Increased intrarenal atrial natriuretic peptide (ANP) mRNA expression has been reported in several disorders. To further investigate the action of renal ANP, we need to elucidate the exact site of its alteration in diseased kidneys. ANP mRNA and ANP were detected by in situ hybridization and immunohistochemistry in the kidneys from five normal and five diabetic rats.

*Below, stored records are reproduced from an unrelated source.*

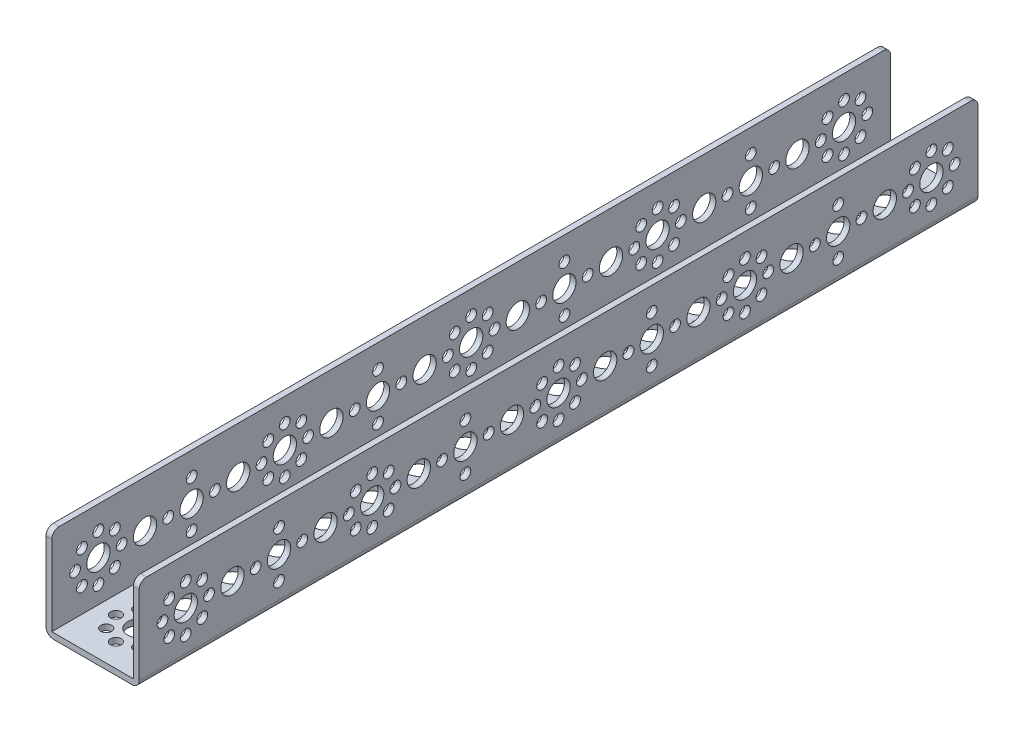
SolidWorks part; units mm, degrees
material "2024 Alloy"
ref_plane "Front Plane" through (0, 0, 0) normal (0, 0, 1) x (1, 0, 0)
ref_plane "Top Plane" through (0, 0, 0) normal (0, 1, 0) x (1, 0, 0)
ref_plane "Right Plane" through (0, 0, 0) normal (1, 0, 0) x (0, 0, -1)
ref_plane "Plane1" through (16, 0, 0) normal (1, 0, 0) x (0, 0, -1)
sketch "Sketch1" plane through (16, 0, 0) normal (1, 0, 0) x (0, 0, -1)
  line L0 (-16, 32) -> (-16, 0)
  line L1 (-16, 0) -> (272, 0)
  line L2 (272, 0) -> (272, 32)
  line L3 (272, 32) -> (-16, 32)
extrude "Boss-Extrude1" add sketch "Sketch1" against normal blind 32
sketch "Sketch2" plane through (0, 0, -272) normal (0, 0, -1) x (-1, 0, 0)
  line L0 (14, 32) -> (-14, 32)
  line L1 (-14, 32) -> (-14, 2)
  line L2 (-14, 2) -> (14, 2)
  line L3 (14, 2) -> (14, 32)
extrude "Cut-Extrude1" cut sketch "Sketch2" against normal through all
hole_wizard "Ø8.0 (8) Diameter Hole1" positions "Sketch4" profile "Sketch3" hole size "Ø8.0" standard "ANSI Metric"
sketch "Sketch4" plane through (-16, 0, 0) normal (-1, 0, 0) x (0, 0, 1)
  point P0 (-64, 16)
  point P1 (-128, 16)
  point P2 (-192, 16)
  point P3 (-256, 16)
  point P4 (-32, 16)
  point P5 (-96, 16)
  point P6 (-160, 16)
  point P7 (-224, 16)
  point P8 (-16, 16)
  point P9 (-48, 16)
  point P10 (-80, 16)
  point P11 (-112, 16)
  point P12 (0, 16)
  point P13 (-144, 16)
  point P14 (-176, 16)
  point P15 (-208, 16)
  point P16 (-240, 16)
sketch "Sketch3" plane through (-16, 16, -64) normal (0, 1, 0) x (0, 0, 1)
  line L0 (0, 0) -> (0, 2)
  line L1 (0, 2) -> (4, 2)
  line L2 (4, 2) -> (4, 0)
  line L5 (4, 0) -> (0, 0)
  line L11 (0, -6.35) -> (0, 107.95) construction
  dimension "Thru Hole Dia." = 8
  dimension "Thru Hole Depth" = 2
hole_wizard "Ø3.7 (3.7) Diameter Hole1" positions "Sketch6" profile "Sketch5" hole size "Ø3.7" standard "ANSI Metric"
sketch "Sketch6" plane through (-16, 0, 0) normal (-1, 0, 0) x (0, 0, 1)
  point P0 (0, 24)
  point P1 (0, 8)
  point P2 (-8, 16)
  point P3 (8, 16)
  point P4 (-5.6569, 21.6569)
  point P5 (5.6569, 21.6569)
  point P6 (5.6569, 10.3431)
  point P7 (-5.6569, 10.3431)
  point P8 (-64, 24)
  point P9 (-64, 8)
  point P10 (-72, 16)
  point P11 (-56, 16)
  point P12 (-69.6569, 21.6569)
  point P13 (-58.3431, 21.6569)
  point P14 (-58.3431, 10.3431)
  point P15 (-69.6569, 10.3431)
  point P16 (-128, 24)
  point P17 (-128, 8)
  point P18 (-136, 16)
  point P19 (-120, 16)
  point P20 (-133.6569, 21.6569)
  point P21 (-122.3431, 21.6569)
  point P22 (-122.3431, 10.3431)
  point P23 (-133.6569, 10.3431)
  point P24 (-192, 24)
  point P25 (-192, 8)
  point P26 (-200, 16)
  point P27 (-184, 16)
  point P28 (-197.6569, 21.6569)
  point P29 (-186.3431, 21.6569)
  point P30 (-186.3431, 10.3431)
  point P31 (-197.6569, 10.3431)
  point P32 (-256, 24)
  point P33 (-256, 8)
  point P34 (-264, 16)
  point P35 (-248, 16)
  point P36 (-261.6569, 21.6569)
  point P37 (-250.3431, 21.6569)
  point P38 (-250.3431, 10.3431)
  point P39 (-261.6569, 10.3431)
  point P40 (-32, 24)
  point P41 (-40, 16)
  point P42 (-32, 8)
  point P43 (-24, 16)
  point P44 (-96, 24)
  point P45 (-104, 16)
  point P46 (-96, 8)
  point P47 (-88, 16)
  point P48 (-160, 24)
  point P49 (-168, 16)
  point P50 (-160, 8)
  point P51 (-152, 16)
  point P52 (-224, 24)
  point P53 (-232, 16)
  point P54 (-224, 8)
  point P55 (-216, 16)
sketch "Sketch5" plane through (-16, 24, 0) normal (0, 1, 0) x (0, 0, 1)
  line L0 (0, 0) -> (0, 2)
  line L1 (0, 2) -> (1.85, 2)
  line L2 (1.85, 2) -> (1.85, 0)
  line L5 (1.85, 0) -> (0, 0)
  line L11 (0, -6.35) -> (0, 107.95) construction
  dimension "Thru Hole Dia." = 3.7
  dimension "Thru Hole Depth" = 2
hole_wizard "Ø3.7 (3.7) Diameter Hole2" positions "Sketch8" profile "Sketch7" hole size "Ø3.7" standard "ANSI Metric"
sketch "Sketch8" plane through (0, 0, 0) normal (0, -1, 0) x (-1, 0, 0)
  point P0 (8, 0)
  point P1 (5.6569, 5.6569)
  point P2 (0, 8)
  point P3 (-5.6569, 5.6569)
  point P4 (-8, 0)
  point P5 (-5.6569, -5.6569)
  point P6 (0, -8)
  point P7 (5.6569, -5.6569)
  point P8 (8, 64)
  point P9 (5.6569, 69.6569)
  point P10 (0, 72)
  point P11 (-5.6569, 69.6569)
  point P12 (-8, 64)
  point P13 (-5.6569, 58.3431)
  point P14 (0, 56)
  point P15 (5.6569, 58.3431)
  point P16 (8, 128)
  point P17 (5.6569, 133.6569)
  point P18 (0, 136)
  point P19 (-5.6569, 133.6569)
  point P20 (-8, 128)
  point P21 (-5.6569, 122.3431)
  point P22 (0, 120)
  point P23 (5.6569, 122.3431)
  point P24 (8, 192)
  point P25 (5.6569, 197.6569)
  point P26 (0, 200)
  point P27 (-5.6569, 197.6569)
  point P28 (-8, 192)
  point P29 (-5.6569, 186.3431)
  point P30 (0, 184)
  point P31 (5.6569, 186.3431)
  point P32 (8, 256)
  point P33 (5.6569, 261.6569)
  point P34 (0, 264)
  point P35 (-5.6569, 261.6569)
  point P36 (-8, 256)
  point P37 (-5.6569, 250.3431)
  point P38 (0, 248)
  point P39 (5.6569, 250.3431)
  point P40 (8, 32)
  point P41 (0, 40)
  point P42 (-8, 32)
  point P43 (0, 24)
  point P44 (8, 96)
  point P45 (0, 104)
  point P46 (-8, 96)
  point P47 (0, 88)
  point P48 (8, 160)
  point P49 (0, 168)
  point P50 (-8, 160)
  point P51 (0, 152)
  point P52 (8, 224)
  point P53 (0, 232)
  point P54 (-8, 224)
  point P55 (0, 216)
sketch "Sketch7" plane through (-8, 0, 0) normal (1, 0, 0) x (0, 0, -1)
  line L0 (0, 0) -> (0, 32)
  line L1 (0, 32) -> (1.85, 32)
  line L2 (1.85, 32) -> (1.85, 0)
  line L5 (1.85, 0) -> (0, 0)
  line L11 (0, -6.35) -> (0, 107.95) construction
  dimension "Thru Hole Dia." = 3.7
  dimension "Thru Hole Depth" = 32
hole_wizard "Ø8.0 (8) Diameter Hole2" positions "Sketch10" profile "Sketch9" hole size "Ø8.0" standard "ANSI Metric"
sketch "Sketch10" plane through (0, 0, 0) normal (0, -1, 0) x (-1, 0, 0)
  point P0 (0, 0)
  point P1 (0, 64)
  point P2 (0, 128)
  point P3 (0, 192)
  point P4 (0, 256)
  point P5 (0, 32)
  point P6 (0, 96)
  point P7 (0, 160)
  point P8 (0, 224)
  point P9 (0, 16)
  point P10 (0, 48)
  point P11 (0, 80)
  point P12 (0, 112)
  point P13 (0, 144)
  point P14 (0, 176)
  point P15 (0, 208)
  point P16 (0, 240)
sketch "Sketch9" plane through (0, 0, 0) normal (1, 0, 0) x (0, 0, -1)
  line L0 (0, 0) -> (0, 32)
  line L1 (0, 32) -> (4, 32)
  line L2 (4, 32) -> (4, 0)
  line L5 (4, 0) -> (0, 0)
  line L11 (0, -6.35) -> (0, 107.95) construction
  dimension "Thru Hole Dia." = 8
  dimension "Thru Hole Depth" = 32
hole_wizard "Ø8.0 (8) Diameter Hole3" positions "Sketch12" profile "Sketch11" hole size "Ø8.0" standard "ANSI Metric"
sketch "Sketch12" plane through (14, 0, 0) normal (-1, 0, 0) x (0, 0, 1)
  point P0 (-32, 16)
sketch "Sketch11" plane through (14, 16, -32) normal (0, 1, 0) x (0, 0, 1)
  line L0 (0, 0) -> (0, 2)
  line L1 (0, 2) -> (4, 2)
  line L2 (4, 2) -> (4, 0)
  line L5 (4, 0) -> (0, 0)
  line L11 (0, -6.35) -> (0, 107.95) construction
  dimension "Thru Hole Dia." = 8
  dimension "Thru Hole Depth" = 2
hole_wizard "Ø8.0 (8) Diameter Hole4" positions "Sketch14" profile "Sketch13" hole size "Ø8.0" standard "ANSI Metric"
sketch "Sketch14" plane through (16, 0, 0) normal (1, 0, 0) x (0, 0, -1)
  point P0 (64, 16)
  point P1 (128, 16)
  point P2 (192, 16)
  point P3 (256, 16)
  point P4 (96, 16)
  point P5 (160, 16)
  point P6 (224, 16)
  point P7 (16, 16)
  point P8 (48, 16)
  point P9 (80, 16)
  point P10 (112, 16)
  point P11 (0, 16)
  point P12 (144, 16)
  point P13 (176, 16)
  point P14 (208, 16)
  point P15 (240, 16)
sketch "Sketch13" plane through (16, 16, -64) normal (0, 1, 0) x (0, 0, -1)
  line L0 (0, 0) -> (0, 32)
  line L1 (0, 32) -> (4, 32)
  line L2 (4, 32) -> (4, 0)
  line L5 (4, 0) -> (0, 0)
  line L11 (0, -6.35) -> (0, 107.95) construction
  dimension "Thru Hole Dia." = 8
  dimension "Thru Hole Depth" = 32
hole_wizard "Ø3.7 (3.7) Diameter Hole3" positions "Sketch16" profile "Sketch15" hole size "Ø3.7" standard "ANSI Metric"
sketch "Sketch16" plane through (16, 0, 0) normal (1, 0, 0) x (0, 0, -1)
  point P0 (0, 24)
  point P1 (0, 8)
  point P2 (8, 16)
  point P3 (-8, 16)
  point P4 (5.6569, 21.6569)
  point P5 (-5.6569, 21.6569)
  point P6 (-5.6569, 10.3431)
  point P7 (5.6569, 10.3431)
  point P8 (64, 24)
  point P9 (64, 8)
  point P10 (72, 16)
  point P11 (56, 16)
  point P12 (69.6569, 21.6569)
  point P13 (58.3431, 21.6569)
  point P14 (58.3431, 10.3431)
  point P15 (69.6569, 10.3431)
  point P16 (128, 24)
  point P17 (128, 8)
  point P18 (136, 16)
  point P19 (120, 16)
  point P20 (133.6569, 21.6569)
  point P21 (122.3431, 21.6569)
  point P22 (122.3431, 10.3431)
  point P23 (133.6569, 10.3431)
  point P24 (192, 24)
  point P25 (192, 8)
  point P26 (200, 16)
  point P27 (184, 16)
  point P28 (197.6569, 21.6569)
  point P29 (186.3431, 21.6569)
  point P30 (186.3431, 10.3431)
  point P31 (197.6569, 10.3431)
  point P32 (256, 24)
  point P33 (256, 8)
  point P34 (264, 16)
  point P35 (248, 16)
  point P36 (261.6569, 21.6569)
  point P37 (250.3431, 21.6569)
  point P38 (250.3431, 10.3431)
  point P39 (261.6569, 10.3431)
  point P40 (32, 24)
  point P41 (40, 16)
  point P42 (32, 8)
  point P43 (24, 16)
  point P44 (96, 24)
  point P45 (104, 16)
  point P46 (96, 8)
  point P47 (88, 16)
  point P48 (160, 24)
  point P49 (168, 16)
  point P50 (160, 8)
  point P51 (152, 16)
  point P52 (224, 24)
  point P53 (232, 16)
  point P54 (224, 8)
  point P55 (216, 16)
sketch "Sketch15" plane through (16, 24, 0) normal (0, 1, 0) x (0, 0, -1)
  line L0 (0, 0) -> (0, 32)
  line L1 (0, 32) -> (1.85, 32)
  line L2 (1.85, 32) -> (1.85, 0)
  line L5 (1.85, 0) -> (0, 0)
  line L11 (0, -6.35) -> (0, 107.95) construction
  dimension "Thru Hole Dia." = 3.7
  dimension "Thru Hole Depth" = 32
fillet "Fillet1" radius 2.5 6 edges at (-16, 0, -128) (-15, 32, -272) (-15, 32, 16) (16, 0, -128) (15, 32, 16) (15, 32, -272) tangent propagation no

Renal ANP mRNA in eight normal and nine diabetic rats was measured by RT-PCR with Southern blot hybridization. In normal and diabetic rats, the distribution of ANP mRNA and ANP-like peptide was mainly located in proximal, distal, and collecting tubules. However, diabetic rats had significant enhancement of ANP mRNA and ANP-immunoreactive staining in the proximal straight tubules, medullary thick ascending limbs, and medullary collecting ducts. ANP mRNA in the outer and inner medulla of nine diabetic rats increased 5.5-fold and 3.5-fold, but only 1.8-fold in the renal cortex. This preliminary study showed that ANP mRNA and ANP immunoreactivity in proximal straight tubules, medullary thick ascending limb, and medullary collecting ducts apparently increased in diabetic kidneys. These findings imply that ANP synthesis in these nephrons may involve in adaptations of renal function in diabetes.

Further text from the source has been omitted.